A lot of threads that I don't want to read anymore will keep popping up whenever anyone adds a post to those threads. Is there a way, once you've seen a thread and have no more interest in it, to permanently delete it from your "Todays Posts" of "New Posts" list to lesson the clutter? Thanks.


----------



## Brian (Feb 3, 2003)

*Re: Is there a way to permanently delete a thread you are not interested in seeing an*

Gary,
Under "Control Panel" look for your "Subscribed Threads". You can delete whatever subscriptions you want to from there and they won't come back to haunt you, (including this one).
Brian


----------



## gary (Feb 4, 2003)

*Re: Is there a way to permanently delete a thread you are not interested in seeing an*

I don't have any subscribed threads, Brian.

BTW - what can we do to get Hiscox to put out a big-bell tenor model Pro-II case?
(How's that for off-topic?! :shock


----------



## Brian (Feb 3, 2003)

*Re: Is there a way to permanently delete a thread you are not interested in seeing an*



gary said:


> I don't have any subscribed threads, Brian.

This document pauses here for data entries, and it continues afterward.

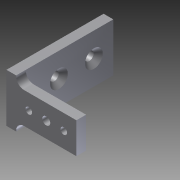
# Autodesk Inventor part: 1_0204_013
Saved by Autodesk Inventor 2012 SP1 (Build 160190100, 190)
## iProperties
Created: 2013-03-28
Part Number: 1_0204_013
Material: Default
Document SubType Name: Modeling
Designer: vogel
Density: 1 g/cm^3
Author: vogel
Autodesk Inventor part; units mm, degrees
ref_plane "YZ Plane" through (0, 0, 0) normal (1, 0, 0) x (0, 1, 0)
ref_plane "XZ Plane" through (0, 0, 0) normal (0, 1, 0) x (-1, 0, 0)
ref_plane "XY Plane" through (0, 0, 0) normal (0, 0, 1) x (1, 0, 0)
sketch "Skizze1" plane through (0, 0, 0) normal (0, 0, 1) x (1, 0, 0)
  line L0 (5, 5) -> (5, 50)
  line L1 (5, 50) -> (0, 50)
  line L2 (0, 50) -> (0, 0)
  line L3 (5, 5) -> (50, 5)
  line L4 (50, 5) -> (50, 0)
  line L5 (-10, 0) -> (60, 0) projected
  line L6 (0, -10) -> (0, 60) projected
  line L7 (0, 0) -> (50, 0)
  dimension "d3" = 5
  dimension "d4" = 5
  dimension "d5" = 50
  dimension "d6" = 50
  constraints: 12 end point, 2 collinear, 2 perpendicular, 1 horizontal, 1 parallel
  measures "d3" distance between parallel lines of L0 L2
  measures "d4" distance between parallel lines of L5 L3
  measures "d5" distance of L1.end L2.end
  measures "d6" distance of L2.end L4.end
extrude "Extrusion1" add sketch "Skizze1" along normal blind 25
sketch "Skizze2" plane through (0, 0, 0) normal (0, -1, 0) x (1, 0, 0)
  line L0 (0, 0) -> (0, 25) projected
  line L1 (50, 0) -> (50, 25) projected
  line L2 (5, 0) -> (5, 25) projected
  line L3 (5, 20.5) -> (36, 20.5)
  line L4 (36, 20.5) -> (36, 4.5)
  line L5 (36, 4.5) -> (5, 4.5)
  line L6 (0, 12.5) -> (50, 12.5)
  line L7 (5, 25) -> (50, 25)
  line L8 (50, 25) -> (50, 0)
  line L9 (50, 0) -> (5, 0)
  line L10 (5, 0) -> (5, 4.5)
  line L11 (5, 20.5) -> (5, 25)
  dimension "d9" = 16
  dimension "d11" = 36
  constraints: 18 end point, 4 parallel, 2 horizontal, 2 midpoint, 2 perpendicular, 1 collinear, 1 point on line, 1 other
  measures "d9" distance between parallel lines of L5 L3
  measures "d11" distance between parallel lines of L4 L0
extrude "Extrusion2" cut sketch "Skizze2" against normal through all contours L9 L2 L5 L4 L6 L1 | L6 L4 L3 L2 L7 L1
sketch "Skizze3" plane through (0, 0, 0) normal (0, -1, 0) x (1, 0, 0)
  line L0 (5, 4.5) -> (36, 4.5) projected
  line L1 (36, 4.5) -> (36, 20.5) projected
  line L2 (36, 20.5) -> (5, 20.5) projected
  line L3 (0, 0) -> (0, 25) projected
  line L4 (36, 12.5) -> (0, 12.5)
  line L5 (20.5, 20.5) -> (20.5, 4.5)
  point P0 (20.5, 12.5)
  constraints: 5 midpoint, 4 end point
hole "Bohrung1" at (20.5, 0, 12.5) direction (0, 1, 0) diameter 4.1 end through all
sketch "Skizze4" plane through (0, 0, 0) normal (0, -1, 0) x (1, 0, 0)
  line L0 (5, 4.5) -> (36, 4.5) projected
  line L1 (36, 4.5) -> (36, 20.5) projected
  line L2 (36, 20.5) -> (5, 20.5) projected
  line L3 (0, 0) -> (0, 25) projected
  line L4 (20.5, 20.5) -> (20.5, 4.5)
  line L5 (0, 12.5) -> (36, 12.5)
  point P0 (11.5, 12.5)
  point P1 (29.5, 12.5)
  dimension "d21" = 18
  constraints: 4 end point, 4 midpoint, 2 point on line, 1 symmetric about line
  measures "d21" distance of point (29.5, 12.5) point (11.5, 12.5)
hole "Bohrung2" at (11.5, 0, 12.5) at (29.5, 0, 12.5) direction (0, 1, 0) diameter 3.4 end through all
fillet "Rundung1" radius 4 2 edges at (5, 2.5, 20.5) (5, 2.5, 4.5)
sketch "Skizze5" plane through (5, 0, 0) normal (1, 0, 0) x (0, 0, -1)
  line L0 (0, 50) -> (-25, 50) projected
  line L1 (-0.5, 5) -> (-24.5, 5) projected
  line L2 (-12.5, 50) -> (-12.5, 9.3168)
  point P0 (-12.5, 40)
  point P1 (-12.5, 22)
  dimension "d30" = 10
  dimension "d31" = 18
  constraints: 2 end point, 2 point on line, 1 midpoint, 1 perpendicular
  measures "d30" distance of L2.start point (-12.5, 40)
  measures "d31" distance of point (-12.5, 22) point (-12.5, 40)
hole "Bohrung3" at (5, 40, 12.5) at (5, 22, 12.5) direction (-1, 0, 0) diameter 4.5 end through all countersink diameter 9.2 countersink angle 90
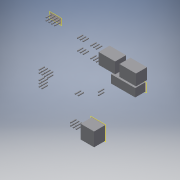
# Autodesk Inventor part: connectors
Saved by Autodesk Inventor 2016 (Build 200138000, 138)
## iProperties
Created: 2016-03-25
Part Number: connectors
Material: Generic
Document SubType Name: Sheet Metal
Designer: Paschalis
Density: 1 g/cm^3
Sheet Metal Rule: Default
Appearance: Default
Author: Paschalis
Autodesk Inventor part; units mm, degrees
ref_plane "YZ Plane" through (0, 0, 0) normal (1, 0, 0) x (0, 1, 0)
ref_plane "XZ Plane" through (0, 0, 0) normal (0, 1, 0) x (-1, 0, 0)
ref_plane "XY Plane" through (0, 0, 0) normal (0, 0, 1) x (1, 0, 0)
sketch "Sketch1" plane through (0, 0, 0) normal (0, 0, 1) x (1, 0, 0)
  line L0 (7.5318, 5.0635) -> (-7.5317, 5.0635) projected
  line L1 (-7.5317, 5.0635) -> (-7.5317, -5.0635) projected
  line L2 (-7.5317, -5.0635) -> (7.5317, -5.0635) projected
  line L3 (7.5317, -5.0635) -> (7.5318, 5.0635) projected
  line L4 (11.4548, -5.0635) -> (26.5183, -5.0635) projected
  line L5 (26.5183, -5.0635) -> (26.5182, 5.0635) projected
  line L6 (26.5182, 5.0635) -> (11.4547, 5.0635) projected
  line L7 (11.4547, 5.0635) -> (11.4548, -5.0635) projected
  point P0 (0, 0)
extrude "Extrusion1" add sketch "Sketch1" along normal blind 10
ref_plane "Work Plane1" through (-17.761, -65.8967, 0) normal (0, 0, 1) x (-1, 0, 0)
sketch "Sketch2" plane through (-17.761, -65.8967, 0) normal (0, 0, 1) x (-1, 0, 0)
  line L0 (6.1468, 6.2068) -> (-6.1468, 6.2068) projected
  line L1 (-6.1468, 6.2068) -> (-6.1468, -6.2067) projected
  line L2 (-6.1468, -6.2067) -> (6.1468, -6.2067) projected
  line L3 (6.1468, -6.2067) -> (6.1468, 6.2068) projected
  point P0 (-17.761, -65.8967)
extrude "Extrusion2" add sketch "Sketch2" along normal blind 10
ref_plane "Work Plane2" through (-56.5087, 1.9431, 0) normal (0, 0, 1) x (-1, 0, 0)
sketch "Sketch3" plane through (-56.5087, 1.9431, 0) normal (0, 0, 1) x (-1, 0, 0)
  circle A0 centre (3.8531, -1.2269) radius 0.51 projected
  circle A1 centre (1.3031, -1.2269) radius 0.51 projected
  circle A2 centre (-1.2369, -1.2269) radius 0.51 projected
  circle A3 centre (-3.7669, -1.2269) radius 0.51 projected
  circle A4 centre (-3.7669, 1.3031) radius 0.51 projected
  circle A5 centre (-1.2369, 1.3031) radius 0.51 projected
  circle A6 centre (1.3031, 1.3031) radius 0.51 projected
  circle A7 centre (3.8531, 1.3031) radius 0.51 projected
  circle A8 centre (2.5731, 43.2131) radius 0.51 projected
  circle A9 centre (2.5731, 45.7531) radius 0.51 projected
  circle A10 centre (5.1131, 45.7531) radius 0.51 projected
  circle A11 centre (5.1131, 43.2131) radius 0.51 projected
  circle A12 centre (7.6531, 43.2131) radius 0.51 projected
  circle A13 centre (7.6531, 45.7531) radius 0.51 projected
  line L0 (1.3081, 41.9481) -> (11.5443, 41.9481) projected
  line L1 (11.5443, 41.9481) -> (11.5443, 47.1043) projected
  line L2 (11.5443, 47.1043) -> (1.3081, 47.1043) projected
  line L3 (1.3081, 47.1043) -> (1.3081, 41.9481) projected
  circle A14 centre (10.1931, 43.2131) radius 0.51 projected
  circle A15 centre (10.1931, 45.7531) radius 0.51 projected
  line L4 (11.5443, 47.1043) -> (1.3081, 47.1043) projected
  line L5 (11.5443, 41.9481) -> (11.5443, 47.1043) projected
  circle A16 centre (7.6531, 51.4731) radius 0.51 projected
  line L6 (11.4681, 50.2031) -> (11.4681, 57.9247) projected
  line L7 (11.4681, 57.9247) -> (6.0531, 57.9247) projected
  line L8 (6.0531, 57.9247) -> (6.0531, 50.2031) projected
  line L9 (6.0531, 50.2031) -> (11.4681, 50.2031) projected
  circle A17 centre (10.1931, 51.4731) radius 0.51 projected
  circle A18 centre (10.1931, 54.0131) radius 0.51 projected
  circle A19 centre (7.6531, 54.0131) radius 0.51 projected
  circle A20 centre (7.6531, 56.5531) radius 0.51 projected
  circle A21 centre (10.1931, 56.5531) radius 0.51 projected
  circle A22 centre (-23.4569, 73.0631) radius 0.55 projected
  circle A23 centre (-20.9169, 73.0631) radius 0.55 projected
  circle A24 centre (-18.3769, 73.0631) radius 0.55 projected
  circle A25 centre (-18.3769, 70.5231) radius 0.55 projected
  circle A26 centre (-20.9169, 70.5231) radius 0.55 projected
  line L10 (-25.0204, 67.3596) -> (-16.8134, 67.3596) projected
  line L11 (-16.8134, 67.3596) -> (-16.8134, 74.0631) projected
  line L12 (-16.8134, 74.0631) -> (-25.0204, 74.0631) projected
  line L13 (-25.0204, 74.0631) -> (-25.0204, 67.3596) projected
  circle A27 centre (-23.4569, 70.5231) radius 0.55 projected
  circle A28 centre (-22.7469, 45.6731) radius 0.51 projected
  circle A29 centre (-25.2869, 45.6731) radius 0.51 projected
  circle A30 centre (-43.7769, 36.2331) radius 0.51 projected
  circle A31 centre (-43.7769, 33.6931) radius 0.51 projected
  circle A32 centre (-24.7269, 0.6731) radius 0.51 projected
  circle A33 centre (-27.2669, 0.6731) radius 0.51 projected
  circle A34 centre (-29.8069, 0.6731) radius 0.51 projected
  circle A35 centre (-36.7969, 0.6731) radius 0.51 projected
  circle A36 centre (-39.3369, 0.6731) radius 0.51 projected
  circle A37 centre (-41.8769, 0.6731) radius 0.51 projected
  circle A38 centre (-41.8769, 10.8331) radius 0.51 projected
  circle A39 centre (-39.3369, 10.8331) radius 0.51 projected
  circle A40 centre (-36.7969, 10.8331) radius 0.51 projected
  circle A41 centre (-29.8069, 10.8331) radius 0.51 projected
  circle A42 centre (-27.2669, 10.8331) radius 0.51 projected
  circle A43 centre (-24.7269, 10.8331) radius 0.51 projected
  point P0 (-56.5086, 1.9431)
extrude "Extrusion3" add sketch "Sketch3" along normal blind 5 contours A0 | A1 | A2 | A3 | A4 | A5 | A6 | A7 | A8 | A9 | A10 | A11 | A12 | A13 | A14 | A15 | A16 | A17 | A18 | A19 | A20 | A21 | A22 | A23 | A24 | A25 | A26 | A27 | A28 | A29 | A30 | A31 | A32 | A33 | A34 | A35 | A36 | A37 | A38 | A39 | A40 | A41 | A42 | A43
ref_plane "Work Plane3" through (13.7793, -11.43, 0) normal (0, 0, 1) x (-1, 0, 0)
sketch "Sketch4" plane through (13.7793, -11.43, 0) normal (0, 0, 1) x (-1, 0, 0)
  line L0 (11.049, 3.683) -> (-11.049, 3.683) projected
  line L1 (-11.049, 3.683) -> (-11.049, -3.683) projected
  line L2 (-11.049, -3.683) -> (11.049, -3.683) projected
  line L3 (11.049, -3.683) -> (11.049, 3.683) projected
  point P0 (13.7792, -11.43)
extrude "Extrusion4" add sketch "Sketch4" along normal blind 9
equation "\"BendRadius\" = Thickness"
equation "\"BendReliefWidth\" = Thickness"
equation "\"BendReliefDepth\" = 0.5 * Thickness"
equation "\"CornerReliefSize\" = 4 * Thickness"
equation "\"MinimumRemnant\" = 2 * Thickness"
equation "\"TransitionRadius\" = BendRadius"
equation "\"JacobiRadiusSize\" = BendRadius"
equation "\"GapSize\" = Thickness"
equation "\"Thickness\" = 3.048"
body "Solid1"
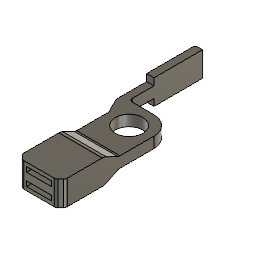
s.piece #1 (Autodesk Fusion 360 design; units mm, degrees)
part number: 2025-12-29-16-31-06-282
Autodesk Fusion 360 part; units mm, degrees
note: some values were not read from the file. Set by a fixed rule: which sketch regions a step uses.
sketch "Sketch1" plane through (0, 0, 0) normal (0, 0, 1) x (1, 0, 0)
  circle A0 centre (0, 0) radius 11
  line L0 (-17.5, -72.5) -> (17.5, -72.5)
  line L1 (17.5, -72.5) -> (17.5, 17.5)
  line L2 (17.5, 17.5) -> (-17.5, 17.5)
  line L3 (-17.5, 17.5) -> (-17.5, -72.5)
  line L4 (-17.5, 76.6964) -> (-17.5, 51.5115)
  line L5 (-17.5, 51.5115) -> (-17.5, 17.5)
  line L6 (-23.5, 76.6964) -> (-23.5, 13.1317)
  line L7 (-23.5, 13.1317) -> (-17.5, 1.0512)
  line L8 (-17.5, 76.6964) -> (-23.5, 76.6964)
  dimension "d1" = 22
  dimension "d2" = 90
  dimension "d3" = 35
  dimension "d4" = 17.5
  dimension "d10" = 17.5
  dimension "d47" = 6
  dimension "d48" = 6
  dimension "d49" = 6
  constraint coincident A0.centre origin
  constraint horizontal L0
  constraint vertical L1
  constraint horizontal L2
  constraint vertical L3
  constraint coincident L2 L3.start
  constraint perpendicular L2 L5
  constraint vertical L6
  constraint coincident L3 L7.end
  constraint perpendicular L6 L8
  measures "d1" diameter of A0
  measures "d2" distance of L0.start L2.end
  measures "d3" distance of L0.start L0.end
  measures "d4" distance of A0.centre L2
  measures "d10" distance of A0.centre L1
  measures "d47" distance of L5 L6
  measures "d48" distance of L3 L6
  measures "d49" distance of L4.start L6.start
extrude "Extrude1" add sketch "Sketch1" along normal blind 20
sketch "Sketch4" plane through (-23.5, 0, 0) normal (-1, 0, 0) x (0, -1, 0)
  line L0 (-1.0512, 0) -> (72.5, 0)
  line L1 (72.5, 0) -> (72.5, 20)
  line L2 (72.5, 20) -> (-1.0512, 20)
  line L3 (72.5, 0) -> (72.5, 20)
  line L4 (37.5, 20) -> (25.7892, 14.3853)
  line L5 (25.7892, 14.3853) -> (-37.5, 14.3853)
  line L6 (-37.5, 14.3853) -> (-37.5, 5.6147)
  line L7 (-37.5, 5.6147) -> (25.7892, 5.6147)
  line L8 (25.7892, 5.6147) -> (37.5, 0)
  line L9 (72.5, 0) -> (72.5, 20)
  line L10 (-17.5, 0) -> (72.5, 0)
  line L11 (37.5, 20) -> (72.5, 20)
  line L12 (72.5, 0) -> (37.5, 0)
  line L13 (-37.5, 14.3853) -> (-37.5, 20)
  line L14 (-1.0512, 20) -> (-1.0512, 0)
  line L15 (-37.5, 0) -> (-37.5, 5.6147)
  line L16 (-1.0512, 20) -> (-1.0512, 0)
  line L17 (-76.6964, 0) -> (-13.1317, 0)
  line L18 (-13.1317, 0) -> (-13.1317, 20)
  line L19 (-13.1317, 20) -> (-76.6964, 20)
  line L20 (-76.6964, 20) -> (-76.6964, 0)
  line L21 (-13.1317, 20) -> (-1.0512, 20)
  dimension "d16" = 110
  dimension "d17" = 35
  dimension "d40" = 5.6147
  dimension "d41" = 8.7705
  constraint coincident L0.end L1.start
  constraint coincident L1.end L2.start
  constraint coincident L2 L4.start
  constraint perpendicular L1 L5
  constraint perpendicular L5 L6
  constraint perpendicular L6 L7
  constraint coincident L0 L8.end
  constraint coincident L2 L13.end
  constraint perpendicular L2 L13
  constraint coincident L2.end L14.start
  constraint coincident L0.start L14.end
  constraint coincident L0 L15.start
  constraint perpendicular L7 L15
  constraint equal L11 L12
  constraint equal L4 L8
  constraint coincident L18.end L19.start
  measures "d16" distance of L6 L9
  measures "d17" distance of L1.end L4.start
  measures "d40" distance of L7 L10
  measures "d41" distance of L5.end L6.end
extrude "Extrude2" cut sketch "Sketch4" against normal blind 52 contours L0 L7 L8 L10 L14 L16 | L7 L10 L14 L16 L18 | L7 L10 L15 L17 L18 | L2 L4 L5 L14 L16 | L5 L14 L16 L18 L21 | L5 L13 L18 L19
chamfer "Chamfer1" distance 4 angle 45 2 edges at (-17.5, -72.5, 10) (17.5, -72.5, 10)
sketch "Sketch6" plane through (0, -72.5, 0) normal (0, -1, 0) x (1, 0, 0)
  line L0 (13.5, 0) -> (13.5, 20)
  line L1 (13.5, 20) -> (-13.5, 20)
  line L2 (-13.5, 20) -> (-13.5, 0)
  line L3 (-13.5, 0) -> (13.5, 0)
  line L4 (-10, 17) -> (10, 17)
  line L5 (10, 13) -> (-10, 13)
  line L6 (-10, 13) -> (-10, 17)
  line L7 (10, 3) -> (10, 7)
  line L8 (10, 7) -> (-10, 7)
  line L9 (-10, 7) -> (-10, 3)
  line L10 (-10, 3) -> (10, 3)
  line L11 (10, 17) -> (10, 13)
  dimension "d25" = 20
  dimension "d26" = 4
  constraint perpendicular L5 L11
  measures "d25" distance of L4.start L4.end
  measures "d26" distance of L4.start L5.end
extrude "Extrude3" cut sketch "Sketch6" against normal blind 30 contours L4 L5 L6 L11 | L7 L8 L9 L10
fillet "Fillet1" radius 4 2 edges at (0, -25.7892, 14.3853) (0, -25.7892, 5.6147)
fillet "Fillet2" radius 7 2 edges at (0, -37.5, 20) (0, -37.5, 0)
fillet "Fillet3" radius 15 1 edges at (17.5, 17.5, 10)
fillet "Fillet4" radius 3 4 edges at (-17.5, -68.5, 10) (-13.5, -72.5, 10) (17.5, -68.5, 10) (13.5, -72.5, 10)
fillet "Fillet6" radius 2.5 3 edges at (-17.5, 1.0512, 10) (-23.5, 13.1317, 10) (-23.5, 76.6964, 10)
fillet "Fillet6" radius 2.5 1 edges at (-17.5, 17.5, 10)
equation "d40 = ( 20 mm - d41 ) / 2"

Any threads where you have posted are automatically added to your subscribed threads ... at least they are to mine .... by default.


----------



## Brian (Feb 3, 2003)

*Re: Is there a way to permanently delete a thread you are not interested in seeing an*



gary said:


> I don't have any subscribed threads, Brian.
> 
> BTW - what can we do to get Hiscox to put out a big-bell tenor model Pro-II case?
> (How's that for off-topic?! :shock


So far, other than the Keilwerth horns, all of the "Big Bell" models have been successful. I have had a few customers that purchased specifically for these and without incident. If you know first hand of exceptions please let me know so I can keep a list.

The Barones, and the Cannonballs are among the successes I have sold cases to.


----------



## kcp (Feb 2, 2003)

*Re: Is there a way to permanently delete a thread you are not interested in seeing an*



gary said:


> A lot of threads that I don't want to read anymore will keep popping up whenever anyone adds a post to those threads. Is there a way, once you've seen a thread and have no more interest in it, to permanently delete it from your "Todays Posts" of "New Posts" list to lesson the clutter? Thanks.


No, the "New Posts" list is not customizable... as far as I know.

About subscriptions: In your UserCP, in the left column under "Setting & Options", chose "Edit Options" - At that point, in the page that will open, in the "Messaging & Notification" box, chose "Do not Subscribe" (or whichever default Thread Subscription Mode you please)


----------



## Brian (Feb 3, 2003)

*Re: Is there a way to permanently delete a thread you are not interested in seeing an*

Cool ... thanks for the clarification, Kim


----------



## Grumps (Feb 3, 2003)

*Re: Is there a way to permanently delete a thread you are not interested in seeing an*

Yes Gary, there is a way.
Become a moderator.


----------



## DaddyRabbit (Sep 17, 2007)

*Re: Is there a way to permanently delete a thread you are not interested in seeing an*

At the top of each thread is a button called "thread tools". Just click unsubscribe. "Poof". I believe that you can customize whether or not you want emails received when a new post is made. Mine is set to email me only once a day.


----------



## km (Jan 26, 2004)

*Re: Is there a way to permanently delete a thread you are not interested in seeing an*

or did you mean is there any way to permanently obliterate the more annoying threads from your view of the recent posts list?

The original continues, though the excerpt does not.